Data to process.
========

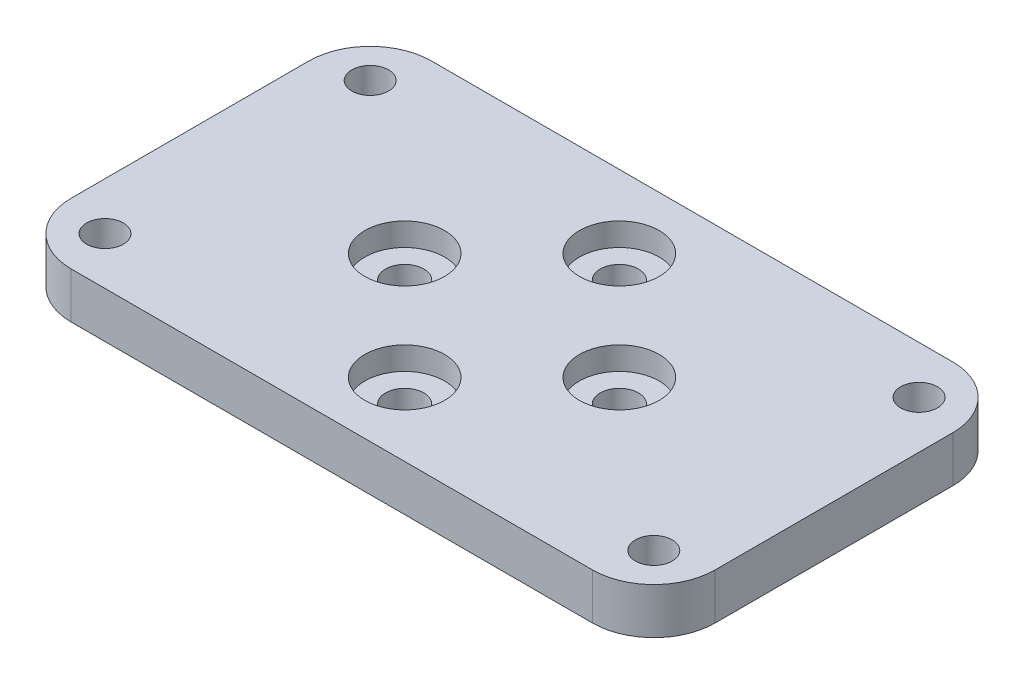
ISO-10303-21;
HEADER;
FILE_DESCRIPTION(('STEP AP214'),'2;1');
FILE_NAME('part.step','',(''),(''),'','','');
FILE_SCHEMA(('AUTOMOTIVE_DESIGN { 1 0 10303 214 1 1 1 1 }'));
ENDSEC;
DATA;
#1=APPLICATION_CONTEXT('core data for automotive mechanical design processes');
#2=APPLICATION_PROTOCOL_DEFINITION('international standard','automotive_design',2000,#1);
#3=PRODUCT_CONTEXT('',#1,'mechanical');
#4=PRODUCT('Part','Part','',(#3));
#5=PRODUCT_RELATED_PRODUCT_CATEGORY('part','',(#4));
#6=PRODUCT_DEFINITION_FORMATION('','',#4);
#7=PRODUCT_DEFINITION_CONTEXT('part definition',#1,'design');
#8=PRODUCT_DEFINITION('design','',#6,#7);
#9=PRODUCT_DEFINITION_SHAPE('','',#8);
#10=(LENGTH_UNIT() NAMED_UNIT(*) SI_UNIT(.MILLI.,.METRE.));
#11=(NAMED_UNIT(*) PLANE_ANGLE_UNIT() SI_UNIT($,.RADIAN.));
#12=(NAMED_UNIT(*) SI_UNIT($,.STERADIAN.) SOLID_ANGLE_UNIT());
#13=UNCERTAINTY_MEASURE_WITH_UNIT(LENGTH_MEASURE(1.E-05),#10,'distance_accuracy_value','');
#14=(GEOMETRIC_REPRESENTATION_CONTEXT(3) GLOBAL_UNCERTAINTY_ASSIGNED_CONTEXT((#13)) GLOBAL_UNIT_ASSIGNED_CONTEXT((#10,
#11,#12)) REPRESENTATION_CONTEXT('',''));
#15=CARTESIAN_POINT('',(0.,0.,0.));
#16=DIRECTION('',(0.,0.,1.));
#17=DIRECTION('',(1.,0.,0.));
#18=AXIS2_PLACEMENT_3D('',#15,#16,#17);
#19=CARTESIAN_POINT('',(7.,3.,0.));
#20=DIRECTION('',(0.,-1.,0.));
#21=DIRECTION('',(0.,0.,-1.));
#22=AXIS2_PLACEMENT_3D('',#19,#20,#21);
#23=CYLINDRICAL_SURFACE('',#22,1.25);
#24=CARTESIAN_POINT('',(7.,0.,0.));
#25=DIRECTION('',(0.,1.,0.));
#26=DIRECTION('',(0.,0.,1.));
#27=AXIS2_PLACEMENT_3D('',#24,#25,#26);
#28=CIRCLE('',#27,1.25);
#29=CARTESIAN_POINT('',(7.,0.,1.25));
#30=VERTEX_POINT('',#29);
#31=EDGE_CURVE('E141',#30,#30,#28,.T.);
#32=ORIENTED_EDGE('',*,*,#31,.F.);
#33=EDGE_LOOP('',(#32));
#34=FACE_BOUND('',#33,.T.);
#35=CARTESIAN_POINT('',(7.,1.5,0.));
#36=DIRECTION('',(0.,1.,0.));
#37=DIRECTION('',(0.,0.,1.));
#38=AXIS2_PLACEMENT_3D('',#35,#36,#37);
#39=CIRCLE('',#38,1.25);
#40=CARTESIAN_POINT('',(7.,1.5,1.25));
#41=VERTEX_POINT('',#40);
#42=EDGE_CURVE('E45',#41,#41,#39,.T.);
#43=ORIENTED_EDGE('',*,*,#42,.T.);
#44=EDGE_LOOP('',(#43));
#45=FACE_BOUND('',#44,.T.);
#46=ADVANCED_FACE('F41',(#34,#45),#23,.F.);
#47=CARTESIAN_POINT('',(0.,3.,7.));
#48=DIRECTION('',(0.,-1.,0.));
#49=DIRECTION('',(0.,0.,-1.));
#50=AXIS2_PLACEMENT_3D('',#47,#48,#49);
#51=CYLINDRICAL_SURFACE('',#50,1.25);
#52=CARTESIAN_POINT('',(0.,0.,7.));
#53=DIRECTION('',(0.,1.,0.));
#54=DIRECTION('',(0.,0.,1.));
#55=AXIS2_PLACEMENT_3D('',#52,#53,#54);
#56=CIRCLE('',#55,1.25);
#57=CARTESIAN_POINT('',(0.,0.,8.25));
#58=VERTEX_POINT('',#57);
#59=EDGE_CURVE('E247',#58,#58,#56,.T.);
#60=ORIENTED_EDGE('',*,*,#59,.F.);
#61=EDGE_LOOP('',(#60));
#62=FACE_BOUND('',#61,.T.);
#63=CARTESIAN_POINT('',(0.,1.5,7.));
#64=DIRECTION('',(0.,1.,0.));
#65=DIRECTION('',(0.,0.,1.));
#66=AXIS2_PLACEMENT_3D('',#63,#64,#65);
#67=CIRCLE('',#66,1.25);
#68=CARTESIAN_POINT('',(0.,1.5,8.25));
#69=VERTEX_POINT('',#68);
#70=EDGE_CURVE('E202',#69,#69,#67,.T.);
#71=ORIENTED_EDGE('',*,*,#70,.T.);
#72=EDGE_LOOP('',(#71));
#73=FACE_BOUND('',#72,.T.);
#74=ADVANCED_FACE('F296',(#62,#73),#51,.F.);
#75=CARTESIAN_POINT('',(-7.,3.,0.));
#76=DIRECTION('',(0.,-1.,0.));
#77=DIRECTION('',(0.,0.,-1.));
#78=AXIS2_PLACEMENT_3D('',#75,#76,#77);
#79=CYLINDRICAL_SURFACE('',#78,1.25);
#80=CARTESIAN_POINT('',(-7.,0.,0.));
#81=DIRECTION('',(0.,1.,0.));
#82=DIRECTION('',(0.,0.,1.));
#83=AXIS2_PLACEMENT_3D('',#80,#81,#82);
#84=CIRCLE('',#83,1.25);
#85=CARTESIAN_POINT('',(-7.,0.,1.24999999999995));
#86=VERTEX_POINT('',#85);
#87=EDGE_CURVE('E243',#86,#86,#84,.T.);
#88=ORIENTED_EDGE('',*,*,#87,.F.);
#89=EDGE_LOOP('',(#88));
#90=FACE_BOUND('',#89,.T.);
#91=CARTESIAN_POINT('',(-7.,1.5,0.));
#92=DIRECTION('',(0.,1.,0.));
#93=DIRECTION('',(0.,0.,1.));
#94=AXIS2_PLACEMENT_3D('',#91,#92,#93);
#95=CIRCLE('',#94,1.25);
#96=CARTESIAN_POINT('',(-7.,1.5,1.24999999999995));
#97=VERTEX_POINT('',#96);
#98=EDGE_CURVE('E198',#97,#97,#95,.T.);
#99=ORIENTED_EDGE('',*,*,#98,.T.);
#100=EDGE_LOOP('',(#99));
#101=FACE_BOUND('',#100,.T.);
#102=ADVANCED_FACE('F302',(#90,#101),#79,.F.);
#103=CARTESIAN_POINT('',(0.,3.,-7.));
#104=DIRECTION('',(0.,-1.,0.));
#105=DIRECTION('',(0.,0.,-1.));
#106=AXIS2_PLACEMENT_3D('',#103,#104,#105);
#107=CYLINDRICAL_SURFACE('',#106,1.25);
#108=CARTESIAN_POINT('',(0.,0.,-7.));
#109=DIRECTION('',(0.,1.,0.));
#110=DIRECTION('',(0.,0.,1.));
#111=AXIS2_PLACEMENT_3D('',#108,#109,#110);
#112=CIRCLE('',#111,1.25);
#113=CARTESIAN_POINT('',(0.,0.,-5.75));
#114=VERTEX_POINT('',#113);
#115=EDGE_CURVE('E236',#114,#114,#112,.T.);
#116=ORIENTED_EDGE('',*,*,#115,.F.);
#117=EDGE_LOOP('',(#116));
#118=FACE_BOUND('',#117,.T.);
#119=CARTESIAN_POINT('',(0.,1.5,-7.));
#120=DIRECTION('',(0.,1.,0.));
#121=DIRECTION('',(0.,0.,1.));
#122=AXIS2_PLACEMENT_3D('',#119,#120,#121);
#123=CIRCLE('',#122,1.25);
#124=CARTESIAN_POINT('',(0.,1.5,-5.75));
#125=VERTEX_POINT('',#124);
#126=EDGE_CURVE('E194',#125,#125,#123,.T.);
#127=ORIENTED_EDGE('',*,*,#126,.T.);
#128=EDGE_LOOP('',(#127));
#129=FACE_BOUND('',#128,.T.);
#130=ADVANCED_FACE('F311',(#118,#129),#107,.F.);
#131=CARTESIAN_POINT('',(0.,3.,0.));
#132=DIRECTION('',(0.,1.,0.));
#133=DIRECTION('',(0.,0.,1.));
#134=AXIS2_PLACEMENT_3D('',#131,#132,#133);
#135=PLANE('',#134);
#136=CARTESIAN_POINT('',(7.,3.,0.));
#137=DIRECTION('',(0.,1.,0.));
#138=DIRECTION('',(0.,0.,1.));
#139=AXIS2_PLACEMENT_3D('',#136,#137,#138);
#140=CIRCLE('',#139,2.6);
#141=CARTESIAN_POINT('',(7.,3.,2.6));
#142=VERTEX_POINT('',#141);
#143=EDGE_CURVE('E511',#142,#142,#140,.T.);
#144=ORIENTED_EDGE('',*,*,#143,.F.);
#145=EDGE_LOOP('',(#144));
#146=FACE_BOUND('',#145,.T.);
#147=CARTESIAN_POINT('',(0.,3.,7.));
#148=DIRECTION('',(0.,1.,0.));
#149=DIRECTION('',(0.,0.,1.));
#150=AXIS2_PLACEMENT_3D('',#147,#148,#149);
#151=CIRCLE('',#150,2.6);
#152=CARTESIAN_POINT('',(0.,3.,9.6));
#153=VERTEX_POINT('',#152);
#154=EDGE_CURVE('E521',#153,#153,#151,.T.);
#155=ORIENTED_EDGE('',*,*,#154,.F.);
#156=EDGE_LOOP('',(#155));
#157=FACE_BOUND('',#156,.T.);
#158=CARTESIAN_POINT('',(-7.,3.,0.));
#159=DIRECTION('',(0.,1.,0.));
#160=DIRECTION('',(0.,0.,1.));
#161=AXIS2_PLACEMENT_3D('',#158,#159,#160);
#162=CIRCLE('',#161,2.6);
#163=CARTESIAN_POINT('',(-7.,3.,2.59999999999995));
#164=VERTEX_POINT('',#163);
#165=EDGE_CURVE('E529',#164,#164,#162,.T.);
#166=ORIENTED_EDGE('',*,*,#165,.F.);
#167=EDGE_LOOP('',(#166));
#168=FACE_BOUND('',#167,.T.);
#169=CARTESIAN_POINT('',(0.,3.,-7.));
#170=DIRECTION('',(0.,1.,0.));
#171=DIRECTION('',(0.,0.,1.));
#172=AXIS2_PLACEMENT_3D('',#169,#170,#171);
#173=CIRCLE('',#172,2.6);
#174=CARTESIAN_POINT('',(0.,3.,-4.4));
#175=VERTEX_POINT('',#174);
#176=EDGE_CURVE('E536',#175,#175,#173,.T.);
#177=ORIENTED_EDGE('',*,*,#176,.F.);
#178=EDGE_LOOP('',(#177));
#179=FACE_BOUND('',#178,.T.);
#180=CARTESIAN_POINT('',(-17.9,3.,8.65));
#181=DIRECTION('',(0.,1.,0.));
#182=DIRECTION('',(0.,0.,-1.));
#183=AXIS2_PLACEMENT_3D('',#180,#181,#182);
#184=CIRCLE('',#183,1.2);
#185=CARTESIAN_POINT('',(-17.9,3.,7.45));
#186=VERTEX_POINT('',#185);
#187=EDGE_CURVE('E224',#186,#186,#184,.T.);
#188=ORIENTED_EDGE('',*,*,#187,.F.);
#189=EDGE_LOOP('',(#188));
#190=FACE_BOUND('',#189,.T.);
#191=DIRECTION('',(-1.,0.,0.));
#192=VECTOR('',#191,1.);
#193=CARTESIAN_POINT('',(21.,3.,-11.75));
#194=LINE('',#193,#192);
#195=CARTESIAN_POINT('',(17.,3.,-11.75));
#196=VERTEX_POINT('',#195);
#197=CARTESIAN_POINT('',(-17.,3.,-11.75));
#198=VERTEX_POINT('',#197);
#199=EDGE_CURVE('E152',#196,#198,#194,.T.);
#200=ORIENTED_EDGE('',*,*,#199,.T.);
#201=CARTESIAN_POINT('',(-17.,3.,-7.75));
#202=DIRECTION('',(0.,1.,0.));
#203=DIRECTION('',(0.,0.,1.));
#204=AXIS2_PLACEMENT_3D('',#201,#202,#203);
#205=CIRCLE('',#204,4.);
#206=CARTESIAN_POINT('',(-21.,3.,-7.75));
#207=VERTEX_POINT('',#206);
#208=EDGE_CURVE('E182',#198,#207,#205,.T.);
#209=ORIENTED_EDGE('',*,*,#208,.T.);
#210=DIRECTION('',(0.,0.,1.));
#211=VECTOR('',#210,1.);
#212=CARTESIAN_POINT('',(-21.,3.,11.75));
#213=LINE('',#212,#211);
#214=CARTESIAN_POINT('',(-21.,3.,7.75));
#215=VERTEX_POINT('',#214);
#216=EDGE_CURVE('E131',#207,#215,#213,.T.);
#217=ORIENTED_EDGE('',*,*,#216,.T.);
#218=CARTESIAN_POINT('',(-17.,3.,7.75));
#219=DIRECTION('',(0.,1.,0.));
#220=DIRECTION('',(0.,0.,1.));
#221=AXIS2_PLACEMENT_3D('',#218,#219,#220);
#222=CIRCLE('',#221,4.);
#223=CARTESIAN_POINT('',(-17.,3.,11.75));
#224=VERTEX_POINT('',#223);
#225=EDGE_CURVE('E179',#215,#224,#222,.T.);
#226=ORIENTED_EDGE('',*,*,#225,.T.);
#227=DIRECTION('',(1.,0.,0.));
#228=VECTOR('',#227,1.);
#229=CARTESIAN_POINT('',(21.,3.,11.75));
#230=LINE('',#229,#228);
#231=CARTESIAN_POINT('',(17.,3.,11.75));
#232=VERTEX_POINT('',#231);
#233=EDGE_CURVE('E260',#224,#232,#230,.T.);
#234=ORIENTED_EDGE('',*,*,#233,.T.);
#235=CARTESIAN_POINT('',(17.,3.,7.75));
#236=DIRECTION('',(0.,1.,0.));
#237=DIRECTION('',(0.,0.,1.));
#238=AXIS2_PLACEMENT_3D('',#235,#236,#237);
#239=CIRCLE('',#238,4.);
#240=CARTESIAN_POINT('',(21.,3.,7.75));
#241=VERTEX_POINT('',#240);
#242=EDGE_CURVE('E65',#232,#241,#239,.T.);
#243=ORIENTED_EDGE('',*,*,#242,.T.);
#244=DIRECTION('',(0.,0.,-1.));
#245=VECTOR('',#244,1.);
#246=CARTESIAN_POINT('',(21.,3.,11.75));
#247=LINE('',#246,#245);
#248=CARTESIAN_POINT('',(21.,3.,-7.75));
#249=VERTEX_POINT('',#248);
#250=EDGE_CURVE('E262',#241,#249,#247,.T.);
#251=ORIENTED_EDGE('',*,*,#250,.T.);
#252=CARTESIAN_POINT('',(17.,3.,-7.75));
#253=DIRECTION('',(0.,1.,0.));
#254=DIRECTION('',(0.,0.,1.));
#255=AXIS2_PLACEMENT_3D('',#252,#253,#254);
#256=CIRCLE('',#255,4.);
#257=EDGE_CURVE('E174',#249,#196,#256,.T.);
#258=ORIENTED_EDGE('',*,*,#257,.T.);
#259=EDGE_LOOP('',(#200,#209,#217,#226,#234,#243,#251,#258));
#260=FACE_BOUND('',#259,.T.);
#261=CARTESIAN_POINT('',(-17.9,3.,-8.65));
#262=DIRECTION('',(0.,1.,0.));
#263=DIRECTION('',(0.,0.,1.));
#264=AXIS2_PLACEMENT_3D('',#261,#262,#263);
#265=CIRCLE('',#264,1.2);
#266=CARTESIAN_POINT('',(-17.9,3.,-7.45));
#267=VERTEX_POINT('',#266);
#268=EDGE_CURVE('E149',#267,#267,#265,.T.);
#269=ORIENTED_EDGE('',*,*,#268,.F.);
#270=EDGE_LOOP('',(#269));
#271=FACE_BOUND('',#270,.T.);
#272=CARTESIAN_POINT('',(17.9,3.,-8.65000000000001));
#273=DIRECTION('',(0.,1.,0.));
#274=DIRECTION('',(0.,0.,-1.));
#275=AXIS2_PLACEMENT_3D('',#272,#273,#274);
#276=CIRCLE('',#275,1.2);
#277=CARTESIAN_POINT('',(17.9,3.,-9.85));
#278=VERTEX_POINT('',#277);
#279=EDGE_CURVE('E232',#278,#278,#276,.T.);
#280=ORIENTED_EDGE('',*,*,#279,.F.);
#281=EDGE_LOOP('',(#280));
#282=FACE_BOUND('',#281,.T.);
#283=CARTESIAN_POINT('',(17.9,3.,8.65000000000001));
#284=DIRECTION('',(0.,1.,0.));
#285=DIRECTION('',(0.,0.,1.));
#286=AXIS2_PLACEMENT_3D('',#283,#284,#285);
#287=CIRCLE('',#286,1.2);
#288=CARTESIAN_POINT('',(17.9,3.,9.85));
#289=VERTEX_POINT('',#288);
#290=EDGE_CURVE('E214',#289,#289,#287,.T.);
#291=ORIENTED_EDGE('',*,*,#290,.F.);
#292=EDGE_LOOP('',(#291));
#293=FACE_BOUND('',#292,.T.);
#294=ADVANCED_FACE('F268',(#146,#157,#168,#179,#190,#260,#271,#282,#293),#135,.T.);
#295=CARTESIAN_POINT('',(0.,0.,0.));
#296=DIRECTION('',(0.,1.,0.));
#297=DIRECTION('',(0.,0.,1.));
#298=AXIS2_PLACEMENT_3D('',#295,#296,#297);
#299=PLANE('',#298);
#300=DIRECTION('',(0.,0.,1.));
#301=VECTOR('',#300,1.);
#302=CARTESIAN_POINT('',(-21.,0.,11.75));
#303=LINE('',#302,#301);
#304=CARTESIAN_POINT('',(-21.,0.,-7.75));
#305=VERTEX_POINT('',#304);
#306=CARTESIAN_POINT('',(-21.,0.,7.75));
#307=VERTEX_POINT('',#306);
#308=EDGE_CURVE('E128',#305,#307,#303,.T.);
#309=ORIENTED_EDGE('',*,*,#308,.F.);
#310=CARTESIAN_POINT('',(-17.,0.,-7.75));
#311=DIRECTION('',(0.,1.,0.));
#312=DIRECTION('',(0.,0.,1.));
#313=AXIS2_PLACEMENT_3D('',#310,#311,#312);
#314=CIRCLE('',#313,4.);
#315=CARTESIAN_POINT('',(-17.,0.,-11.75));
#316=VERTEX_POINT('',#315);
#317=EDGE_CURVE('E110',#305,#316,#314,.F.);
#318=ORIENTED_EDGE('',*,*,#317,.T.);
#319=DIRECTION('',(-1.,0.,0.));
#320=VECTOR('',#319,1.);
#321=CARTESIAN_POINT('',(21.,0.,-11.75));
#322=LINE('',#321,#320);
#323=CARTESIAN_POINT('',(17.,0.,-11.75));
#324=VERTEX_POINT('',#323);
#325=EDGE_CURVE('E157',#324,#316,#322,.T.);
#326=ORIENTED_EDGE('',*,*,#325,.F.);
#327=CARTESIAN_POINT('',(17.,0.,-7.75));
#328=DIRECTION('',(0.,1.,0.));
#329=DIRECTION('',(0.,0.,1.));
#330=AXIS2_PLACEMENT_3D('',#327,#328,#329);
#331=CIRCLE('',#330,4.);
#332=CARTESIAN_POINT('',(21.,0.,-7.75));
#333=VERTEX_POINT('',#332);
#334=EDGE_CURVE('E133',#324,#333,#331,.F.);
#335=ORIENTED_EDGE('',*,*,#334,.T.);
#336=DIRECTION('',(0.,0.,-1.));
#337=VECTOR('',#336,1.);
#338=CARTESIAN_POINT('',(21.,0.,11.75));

========

To do. Keeping every character as it is, restate the lines above that run from the line with "#277=CARTESIAN_POINT('',(17.9,3.,-9.85));" through the line with "#285=DIRECTION('',(0.,0.,1.));", both included, and nothing else.

Exercise response.
#277=CARTESIAN_POINT('',(17.9,3.,-9.85));
#278=VERTEX_POINT('',#277);
#279=EDGE_CURVE('E232',#278,#278,#276,.T.);
#280=ORIENTED_EDGE('',*,*,#279,.F.);
#281=EDGE_LOOP('',(#280));
#282=FACE_BOUND('',#281,.T.);
#283=CARTESIAN_POINT('',(17.9,3.,8.65000000000001));
#284=DIRECTION('',(0.,1.,0.));
#285=DIRECTION('',(0.,0.,1.));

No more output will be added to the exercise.